Hi from Molly and us..It's been a while so here is a Molly update..she's doing fine and hasn't had any health issues in a long time...spring has finally sprung here so took her to the park the other day for a free run She had fun! Here are a few pics Miss you guys! Hope all your poo's are doing awesome


----------



## Lexi&Beemer (May 5, 2013)

Love her happy face!!!!


Sent from my iPhone using Tapatalk


----------



## Tinman (Apr 23, 2013)

It's been way too loooong!!!
Loving Molly I'm the sunshine!! Xx


----------



## Mazzapoo (Jul 28, 2013)

Yippee welcome back ladies  Molly looks delicious, look at her amber eyes glowing in the sun  I've been struggling for time on here myself recently (short staffed at work) and LYD is visiting - lots to post, just need a week off to do it


----------



## Lindor (Feb 3, 2014)

:whoo: Good to see you back. I've missed those little spotty knees.


----------



## fairlie (Sep 7, 2013)

Happy to see Molly hasn't lost one speck of adorableness since you've been gone.


----------



## Marzi (Sep 17, 2012)

Yipee 
Just had a grim day at work and I really needed Molly's happy face and a (very short) update to make every thing seem a whole lot better!
Hope you and Christine are as happy as gorgeous Little Miss Molly.
(You have to have to have a browse through the new puppies on here because there is a gorgeous little brown headed chap who makes me think of Molly whenever I see him.)


----------



## Cat 53 (Aug 26, 2012)

Hi there Molly..... We've been missing your lovely little munchkin face!


----------



## dio.ren (Jan 18, 2013)

Marzi glad Molly cheered you up we are all doing well👍..how do I find this puppy with the brown head lol😄


----------



## lady amanda (Nov 26, 2010)

my gorgeous bubba! how I miss you!


----------



## Marzi (Sep 17, 2012)

dio.ren said:


> Marzi glad Molly cheered you up we are all doing well👍..how do I find this puppy with the brown head lol😄


http://ilovemycockapoo.com/showthread.php?t=79601&highlight=Davinci

He is called DaVinci so you can search him -but hopefully the above is the link to his introduction.
He has a white muzzle - but he definitely has the look of Molly


----------



## dio.ren (Jan 18, 2013)

Thanks Marzi..I saw him he's adorable 😍


----------



## whatsuppup (Mar 9, 2015)

Isn't Molly a stunner with her chocolate face and markings! 😍 I love the chocolate patch by her bum, too!
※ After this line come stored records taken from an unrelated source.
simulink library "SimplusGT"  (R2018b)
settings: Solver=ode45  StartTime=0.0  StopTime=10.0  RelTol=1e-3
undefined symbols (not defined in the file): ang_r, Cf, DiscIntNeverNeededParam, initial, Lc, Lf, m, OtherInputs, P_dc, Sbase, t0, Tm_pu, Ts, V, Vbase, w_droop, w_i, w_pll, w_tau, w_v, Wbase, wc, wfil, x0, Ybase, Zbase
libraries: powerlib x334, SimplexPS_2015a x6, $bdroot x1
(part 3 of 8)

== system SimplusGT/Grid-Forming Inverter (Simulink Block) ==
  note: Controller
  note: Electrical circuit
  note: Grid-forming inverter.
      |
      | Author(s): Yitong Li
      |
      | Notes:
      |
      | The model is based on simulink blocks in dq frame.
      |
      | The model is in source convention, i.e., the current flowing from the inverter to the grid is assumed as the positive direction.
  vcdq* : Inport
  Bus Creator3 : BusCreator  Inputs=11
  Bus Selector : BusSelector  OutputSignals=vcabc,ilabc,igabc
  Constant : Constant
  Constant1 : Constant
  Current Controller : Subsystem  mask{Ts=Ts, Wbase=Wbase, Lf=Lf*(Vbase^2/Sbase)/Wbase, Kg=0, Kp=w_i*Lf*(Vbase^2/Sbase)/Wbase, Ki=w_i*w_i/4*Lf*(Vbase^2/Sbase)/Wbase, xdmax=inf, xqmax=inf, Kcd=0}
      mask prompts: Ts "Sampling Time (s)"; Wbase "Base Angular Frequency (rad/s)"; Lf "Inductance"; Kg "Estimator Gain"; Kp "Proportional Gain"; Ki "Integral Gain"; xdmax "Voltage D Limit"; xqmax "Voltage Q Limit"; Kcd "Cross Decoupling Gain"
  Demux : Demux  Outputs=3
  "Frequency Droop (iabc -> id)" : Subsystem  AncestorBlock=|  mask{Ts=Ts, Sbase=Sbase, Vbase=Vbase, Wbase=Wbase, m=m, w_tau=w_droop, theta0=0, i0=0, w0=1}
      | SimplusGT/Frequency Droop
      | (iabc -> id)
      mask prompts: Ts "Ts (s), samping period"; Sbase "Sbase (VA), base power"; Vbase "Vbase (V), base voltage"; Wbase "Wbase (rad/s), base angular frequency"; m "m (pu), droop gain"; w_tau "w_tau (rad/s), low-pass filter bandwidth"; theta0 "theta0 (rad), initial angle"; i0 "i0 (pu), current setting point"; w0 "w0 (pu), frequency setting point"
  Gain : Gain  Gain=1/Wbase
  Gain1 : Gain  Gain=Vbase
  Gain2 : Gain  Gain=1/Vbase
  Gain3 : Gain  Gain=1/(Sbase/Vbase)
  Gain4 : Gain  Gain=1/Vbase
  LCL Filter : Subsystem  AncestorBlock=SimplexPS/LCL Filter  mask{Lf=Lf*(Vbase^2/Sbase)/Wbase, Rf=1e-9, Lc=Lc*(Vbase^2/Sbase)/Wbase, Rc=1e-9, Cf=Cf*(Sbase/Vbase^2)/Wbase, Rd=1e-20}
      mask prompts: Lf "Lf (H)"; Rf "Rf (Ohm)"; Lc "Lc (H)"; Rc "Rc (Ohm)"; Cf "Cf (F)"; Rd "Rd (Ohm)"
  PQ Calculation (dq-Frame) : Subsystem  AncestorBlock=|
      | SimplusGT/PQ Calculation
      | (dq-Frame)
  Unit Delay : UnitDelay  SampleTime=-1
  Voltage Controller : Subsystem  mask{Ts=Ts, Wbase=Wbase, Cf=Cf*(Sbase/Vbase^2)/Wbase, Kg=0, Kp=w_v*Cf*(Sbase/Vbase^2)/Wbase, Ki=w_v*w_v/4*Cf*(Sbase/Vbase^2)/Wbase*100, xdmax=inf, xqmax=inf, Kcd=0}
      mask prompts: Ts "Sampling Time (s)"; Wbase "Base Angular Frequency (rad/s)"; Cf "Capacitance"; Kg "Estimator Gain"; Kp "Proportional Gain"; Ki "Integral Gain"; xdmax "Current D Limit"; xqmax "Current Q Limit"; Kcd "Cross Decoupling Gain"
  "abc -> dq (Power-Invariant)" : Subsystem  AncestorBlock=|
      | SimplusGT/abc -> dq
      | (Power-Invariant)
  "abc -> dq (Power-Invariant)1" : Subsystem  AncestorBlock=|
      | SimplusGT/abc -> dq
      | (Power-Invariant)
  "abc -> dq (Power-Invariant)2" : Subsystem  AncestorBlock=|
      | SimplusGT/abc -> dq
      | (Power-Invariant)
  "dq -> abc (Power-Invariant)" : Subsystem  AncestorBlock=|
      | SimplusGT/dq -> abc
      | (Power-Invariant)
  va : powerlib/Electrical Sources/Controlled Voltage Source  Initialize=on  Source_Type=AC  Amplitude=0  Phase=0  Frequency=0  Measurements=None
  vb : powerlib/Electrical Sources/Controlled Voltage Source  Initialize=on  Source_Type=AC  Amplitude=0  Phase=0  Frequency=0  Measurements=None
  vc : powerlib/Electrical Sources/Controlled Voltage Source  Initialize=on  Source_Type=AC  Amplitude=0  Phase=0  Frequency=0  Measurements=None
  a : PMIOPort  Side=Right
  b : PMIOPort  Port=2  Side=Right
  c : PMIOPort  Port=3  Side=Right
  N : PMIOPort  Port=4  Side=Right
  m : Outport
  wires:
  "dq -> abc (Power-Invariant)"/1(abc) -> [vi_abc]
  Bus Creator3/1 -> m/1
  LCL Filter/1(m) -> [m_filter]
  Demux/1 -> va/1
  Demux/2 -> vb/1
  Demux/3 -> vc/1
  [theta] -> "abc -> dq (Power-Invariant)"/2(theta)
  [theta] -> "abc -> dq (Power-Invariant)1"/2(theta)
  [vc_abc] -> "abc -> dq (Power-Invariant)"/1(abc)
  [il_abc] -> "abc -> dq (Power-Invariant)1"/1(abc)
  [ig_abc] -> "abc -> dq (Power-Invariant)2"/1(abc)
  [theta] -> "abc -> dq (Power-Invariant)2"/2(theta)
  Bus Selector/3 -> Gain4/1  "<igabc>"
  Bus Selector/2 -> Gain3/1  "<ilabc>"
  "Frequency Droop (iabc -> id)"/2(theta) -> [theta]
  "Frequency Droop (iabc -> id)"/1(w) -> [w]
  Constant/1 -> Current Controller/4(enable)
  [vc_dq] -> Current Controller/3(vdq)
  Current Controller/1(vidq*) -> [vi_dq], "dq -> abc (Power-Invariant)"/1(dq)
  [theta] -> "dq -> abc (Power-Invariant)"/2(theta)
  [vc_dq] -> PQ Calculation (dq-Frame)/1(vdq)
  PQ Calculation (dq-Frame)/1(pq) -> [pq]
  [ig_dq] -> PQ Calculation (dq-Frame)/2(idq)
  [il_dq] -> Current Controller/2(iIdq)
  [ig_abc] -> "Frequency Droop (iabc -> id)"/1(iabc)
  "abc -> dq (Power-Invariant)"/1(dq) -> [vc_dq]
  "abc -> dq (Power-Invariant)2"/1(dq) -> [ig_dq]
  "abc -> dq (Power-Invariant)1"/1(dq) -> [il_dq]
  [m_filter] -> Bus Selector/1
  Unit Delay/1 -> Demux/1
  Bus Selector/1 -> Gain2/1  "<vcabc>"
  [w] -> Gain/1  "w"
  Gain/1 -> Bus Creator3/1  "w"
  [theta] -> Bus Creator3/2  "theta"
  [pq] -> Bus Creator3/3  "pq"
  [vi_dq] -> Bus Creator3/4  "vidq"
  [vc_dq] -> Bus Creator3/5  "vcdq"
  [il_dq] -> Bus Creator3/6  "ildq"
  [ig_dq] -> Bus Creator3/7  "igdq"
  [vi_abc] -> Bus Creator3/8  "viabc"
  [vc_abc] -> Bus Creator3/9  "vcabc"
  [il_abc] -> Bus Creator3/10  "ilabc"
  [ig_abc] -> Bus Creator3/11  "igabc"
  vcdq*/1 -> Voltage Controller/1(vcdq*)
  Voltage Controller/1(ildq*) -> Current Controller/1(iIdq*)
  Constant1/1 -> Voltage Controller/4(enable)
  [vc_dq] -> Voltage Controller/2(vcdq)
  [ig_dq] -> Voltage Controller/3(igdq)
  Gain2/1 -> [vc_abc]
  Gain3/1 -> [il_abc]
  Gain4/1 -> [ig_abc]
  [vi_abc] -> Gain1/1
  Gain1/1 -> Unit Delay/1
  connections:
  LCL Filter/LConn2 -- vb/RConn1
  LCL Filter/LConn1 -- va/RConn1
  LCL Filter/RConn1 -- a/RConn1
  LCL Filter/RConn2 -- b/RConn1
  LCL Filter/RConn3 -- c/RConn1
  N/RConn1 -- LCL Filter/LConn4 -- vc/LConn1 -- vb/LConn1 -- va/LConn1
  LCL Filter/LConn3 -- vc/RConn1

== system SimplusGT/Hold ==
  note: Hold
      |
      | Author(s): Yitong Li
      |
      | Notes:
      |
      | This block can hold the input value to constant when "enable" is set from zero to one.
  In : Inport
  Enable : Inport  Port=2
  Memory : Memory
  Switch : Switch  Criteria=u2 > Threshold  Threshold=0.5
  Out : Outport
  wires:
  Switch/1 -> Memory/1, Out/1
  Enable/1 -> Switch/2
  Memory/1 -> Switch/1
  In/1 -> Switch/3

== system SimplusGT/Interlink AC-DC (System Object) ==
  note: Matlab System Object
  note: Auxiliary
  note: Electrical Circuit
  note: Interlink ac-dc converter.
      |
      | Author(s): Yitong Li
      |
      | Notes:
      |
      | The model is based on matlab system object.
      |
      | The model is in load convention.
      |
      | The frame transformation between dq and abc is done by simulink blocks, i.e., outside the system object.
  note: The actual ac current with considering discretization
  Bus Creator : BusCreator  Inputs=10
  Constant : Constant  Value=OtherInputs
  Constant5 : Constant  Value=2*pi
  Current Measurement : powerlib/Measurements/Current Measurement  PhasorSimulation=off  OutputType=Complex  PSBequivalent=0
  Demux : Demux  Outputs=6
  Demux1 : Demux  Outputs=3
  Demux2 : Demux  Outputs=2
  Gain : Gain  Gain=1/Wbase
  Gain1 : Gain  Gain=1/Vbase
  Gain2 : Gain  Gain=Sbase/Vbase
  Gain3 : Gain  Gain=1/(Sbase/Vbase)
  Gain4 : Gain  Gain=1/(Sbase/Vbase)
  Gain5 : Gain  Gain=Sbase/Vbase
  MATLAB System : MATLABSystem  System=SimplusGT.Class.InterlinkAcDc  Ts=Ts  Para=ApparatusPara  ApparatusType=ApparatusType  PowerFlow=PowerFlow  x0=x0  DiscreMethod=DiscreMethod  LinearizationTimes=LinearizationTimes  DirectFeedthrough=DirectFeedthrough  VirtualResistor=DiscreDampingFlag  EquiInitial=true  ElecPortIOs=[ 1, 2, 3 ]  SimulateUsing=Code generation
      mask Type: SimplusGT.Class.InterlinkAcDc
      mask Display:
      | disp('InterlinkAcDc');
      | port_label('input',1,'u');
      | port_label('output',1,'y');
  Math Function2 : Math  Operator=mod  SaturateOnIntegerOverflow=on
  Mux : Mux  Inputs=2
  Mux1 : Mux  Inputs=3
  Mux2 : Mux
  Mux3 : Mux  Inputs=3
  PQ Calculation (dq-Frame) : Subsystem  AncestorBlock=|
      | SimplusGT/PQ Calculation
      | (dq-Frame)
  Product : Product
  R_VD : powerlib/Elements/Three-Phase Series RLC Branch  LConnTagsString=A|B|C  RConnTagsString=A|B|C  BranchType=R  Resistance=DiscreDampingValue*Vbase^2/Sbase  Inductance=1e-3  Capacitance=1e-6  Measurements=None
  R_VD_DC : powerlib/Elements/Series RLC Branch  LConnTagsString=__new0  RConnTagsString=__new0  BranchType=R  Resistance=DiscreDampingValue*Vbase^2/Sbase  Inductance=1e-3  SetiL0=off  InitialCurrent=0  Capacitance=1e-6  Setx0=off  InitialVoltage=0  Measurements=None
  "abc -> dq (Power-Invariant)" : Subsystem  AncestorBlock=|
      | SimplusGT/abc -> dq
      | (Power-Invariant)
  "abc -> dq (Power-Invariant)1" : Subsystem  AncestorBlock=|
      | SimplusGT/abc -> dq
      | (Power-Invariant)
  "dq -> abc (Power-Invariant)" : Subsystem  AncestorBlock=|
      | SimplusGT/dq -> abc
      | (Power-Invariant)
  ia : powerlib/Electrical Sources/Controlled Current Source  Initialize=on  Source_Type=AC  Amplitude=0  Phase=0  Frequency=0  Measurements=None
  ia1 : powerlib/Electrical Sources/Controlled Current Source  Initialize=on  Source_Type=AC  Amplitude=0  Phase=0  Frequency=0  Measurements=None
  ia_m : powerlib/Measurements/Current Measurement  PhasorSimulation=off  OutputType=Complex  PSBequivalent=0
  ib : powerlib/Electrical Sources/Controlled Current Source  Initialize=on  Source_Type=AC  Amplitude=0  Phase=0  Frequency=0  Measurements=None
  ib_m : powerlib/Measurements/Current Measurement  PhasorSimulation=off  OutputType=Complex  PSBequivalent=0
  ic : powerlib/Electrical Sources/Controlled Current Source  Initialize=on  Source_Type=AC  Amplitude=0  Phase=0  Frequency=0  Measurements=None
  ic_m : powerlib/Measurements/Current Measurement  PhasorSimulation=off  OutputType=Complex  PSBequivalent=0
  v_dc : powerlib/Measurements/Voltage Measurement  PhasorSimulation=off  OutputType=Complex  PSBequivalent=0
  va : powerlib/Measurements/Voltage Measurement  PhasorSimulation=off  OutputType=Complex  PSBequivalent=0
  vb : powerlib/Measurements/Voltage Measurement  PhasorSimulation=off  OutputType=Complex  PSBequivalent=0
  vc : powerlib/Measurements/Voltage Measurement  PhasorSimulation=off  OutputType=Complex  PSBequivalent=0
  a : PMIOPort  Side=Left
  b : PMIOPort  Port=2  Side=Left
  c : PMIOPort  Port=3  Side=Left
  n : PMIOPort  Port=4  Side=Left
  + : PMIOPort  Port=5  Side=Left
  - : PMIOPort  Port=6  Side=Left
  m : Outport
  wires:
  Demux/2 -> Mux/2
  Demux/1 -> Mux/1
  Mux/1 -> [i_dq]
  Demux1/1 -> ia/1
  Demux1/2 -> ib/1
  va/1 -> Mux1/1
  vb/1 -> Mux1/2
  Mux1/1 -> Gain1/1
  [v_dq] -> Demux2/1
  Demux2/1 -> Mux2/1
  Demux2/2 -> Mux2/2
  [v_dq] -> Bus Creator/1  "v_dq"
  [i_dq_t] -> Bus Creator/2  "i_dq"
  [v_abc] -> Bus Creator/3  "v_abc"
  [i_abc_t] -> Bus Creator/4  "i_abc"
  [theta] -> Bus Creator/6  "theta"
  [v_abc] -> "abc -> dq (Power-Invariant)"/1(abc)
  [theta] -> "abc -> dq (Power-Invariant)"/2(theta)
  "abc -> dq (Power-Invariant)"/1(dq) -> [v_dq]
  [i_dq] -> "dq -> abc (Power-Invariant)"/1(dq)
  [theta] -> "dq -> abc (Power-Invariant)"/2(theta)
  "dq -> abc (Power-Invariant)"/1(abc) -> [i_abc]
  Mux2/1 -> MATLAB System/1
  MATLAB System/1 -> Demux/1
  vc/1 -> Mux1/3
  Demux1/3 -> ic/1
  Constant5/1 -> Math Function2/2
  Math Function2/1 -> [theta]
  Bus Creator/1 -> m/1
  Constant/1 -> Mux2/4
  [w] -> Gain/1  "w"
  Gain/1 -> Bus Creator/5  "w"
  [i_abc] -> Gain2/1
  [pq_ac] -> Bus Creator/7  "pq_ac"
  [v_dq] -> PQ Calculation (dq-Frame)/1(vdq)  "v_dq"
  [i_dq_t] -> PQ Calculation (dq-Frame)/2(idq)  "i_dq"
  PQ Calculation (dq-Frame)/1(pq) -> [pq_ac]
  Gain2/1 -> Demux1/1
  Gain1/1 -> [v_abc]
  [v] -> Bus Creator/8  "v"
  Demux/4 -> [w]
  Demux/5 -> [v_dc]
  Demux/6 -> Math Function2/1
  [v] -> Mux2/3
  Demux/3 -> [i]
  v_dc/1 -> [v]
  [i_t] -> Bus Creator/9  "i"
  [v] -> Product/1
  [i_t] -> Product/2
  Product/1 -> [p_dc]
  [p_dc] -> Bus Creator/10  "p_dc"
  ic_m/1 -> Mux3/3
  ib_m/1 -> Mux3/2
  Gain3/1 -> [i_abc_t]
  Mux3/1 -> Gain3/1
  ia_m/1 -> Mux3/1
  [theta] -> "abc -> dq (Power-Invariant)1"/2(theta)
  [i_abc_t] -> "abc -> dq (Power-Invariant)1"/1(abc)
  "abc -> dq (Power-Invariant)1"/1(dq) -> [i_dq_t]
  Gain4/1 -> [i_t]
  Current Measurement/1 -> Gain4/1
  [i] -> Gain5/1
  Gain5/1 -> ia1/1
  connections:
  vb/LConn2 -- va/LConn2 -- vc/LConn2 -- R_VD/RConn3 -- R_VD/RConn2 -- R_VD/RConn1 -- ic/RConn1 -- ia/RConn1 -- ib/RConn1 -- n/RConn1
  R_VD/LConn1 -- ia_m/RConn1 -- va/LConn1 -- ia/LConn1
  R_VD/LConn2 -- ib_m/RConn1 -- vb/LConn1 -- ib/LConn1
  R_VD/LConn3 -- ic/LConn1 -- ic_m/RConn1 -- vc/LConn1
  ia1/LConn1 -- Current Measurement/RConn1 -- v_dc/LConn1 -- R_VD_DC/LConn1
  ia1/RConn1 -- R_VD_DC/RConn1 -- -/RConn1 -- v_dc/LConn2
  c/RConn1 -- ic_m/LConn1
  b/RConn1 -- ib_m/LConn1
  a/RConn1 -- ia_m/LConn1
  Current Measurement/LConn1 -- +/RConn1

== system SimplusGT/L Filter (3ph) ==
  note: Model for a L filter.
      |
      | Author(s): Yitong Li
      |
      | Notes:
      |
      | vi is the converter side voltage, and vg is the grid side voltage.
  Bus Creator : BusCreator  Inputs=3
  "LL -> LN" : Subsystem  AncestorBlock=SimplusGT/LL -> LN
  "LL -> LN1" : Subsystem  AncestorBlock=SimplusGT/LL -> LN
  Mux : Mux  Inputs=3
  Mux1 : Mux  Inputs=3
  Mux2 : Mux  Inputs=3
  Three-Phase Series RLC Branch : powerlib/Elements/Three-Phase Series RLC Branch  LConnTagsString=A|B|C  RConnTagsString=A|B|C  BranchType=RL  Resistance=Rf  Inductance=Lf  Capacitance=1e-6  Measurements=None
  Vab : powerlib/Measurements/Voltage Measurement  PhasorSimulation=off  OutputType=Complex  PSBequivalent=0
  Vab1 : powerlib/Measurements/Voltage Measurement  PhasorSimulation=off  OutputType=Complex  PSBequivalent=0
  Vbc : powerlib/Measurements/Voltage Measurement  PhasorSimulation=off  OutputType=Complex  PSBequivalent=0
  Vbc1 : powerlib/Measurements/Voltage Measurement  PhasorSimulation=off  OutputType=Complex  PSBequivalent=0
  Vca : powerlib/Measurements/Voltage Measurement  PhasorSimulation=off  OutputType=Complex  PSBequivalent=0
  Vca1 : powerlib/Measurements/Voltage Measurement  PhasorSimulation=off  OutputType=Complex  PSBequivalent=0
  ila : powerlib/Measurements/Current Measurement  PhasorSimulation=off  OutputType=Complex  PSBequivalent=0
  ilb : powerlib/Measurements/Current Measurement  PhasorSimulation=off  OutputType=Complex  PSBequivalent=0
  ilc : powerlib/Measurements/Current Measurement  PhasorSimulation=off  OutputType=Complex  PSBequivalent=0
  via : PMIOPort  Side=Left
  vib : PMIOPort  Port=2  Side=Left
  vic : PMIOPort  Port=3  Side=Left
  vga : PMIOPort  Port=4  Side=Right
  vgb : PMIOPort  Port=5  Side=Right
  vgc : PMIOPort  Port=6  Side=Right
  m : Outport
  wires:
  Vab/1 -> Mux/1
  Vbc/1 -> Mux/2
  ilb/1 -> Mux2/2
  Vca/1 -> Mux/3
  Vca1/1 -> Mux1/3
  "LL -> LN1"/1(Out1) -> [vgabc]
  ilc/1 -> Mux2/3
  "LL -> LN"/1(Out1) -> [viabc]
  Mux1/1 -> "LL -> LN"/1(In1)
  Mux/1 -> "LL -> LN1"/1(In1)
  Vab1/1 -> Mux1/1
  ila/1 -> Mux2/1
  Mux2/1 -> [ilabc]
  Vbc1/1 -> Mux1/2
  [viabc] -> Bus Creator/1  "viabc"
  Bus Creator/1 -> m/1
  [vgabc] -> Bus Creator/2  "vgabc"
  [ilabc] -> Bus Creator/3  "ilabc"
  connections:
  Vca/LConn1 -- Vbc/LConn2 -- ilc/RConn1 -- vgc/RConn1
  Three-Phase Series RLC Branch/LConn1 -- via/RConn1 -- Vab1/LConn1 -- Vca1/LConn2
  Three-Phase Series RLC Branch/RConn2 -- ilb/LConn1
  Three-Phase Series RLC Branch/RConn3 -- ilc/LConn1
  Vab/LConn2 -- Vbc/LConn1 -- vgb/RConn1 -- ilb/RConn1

How old is she?


----------



## whatsuppup (Mar 9, 2015)

I love the pics! So happy Spring is near/here - today's cold temps and snow flakes (in my area) aren't very nice!


----------



## Tinman (Apr 23, 2013)

Oooooo Molly & davinci!!
A perfect pair of poos!! :love-eyes::love-eyes::love-eyes:


----------



## dio.ren (Jan 18, 2013)

whatsuppup said:


> Isn't Molly a stunner with her chocolate face and markings! 😍 I love the chocolate patch by her bum, too! How old is she?


She's 2 years and a half...but she still acts like a puppy😄


----------



## Marzi (Sep 17, 2012)

dio.ren said:


> She's 2 years and a half...but she still acts like a puppy😄


.... and she has the world's cutest spotty knees


----------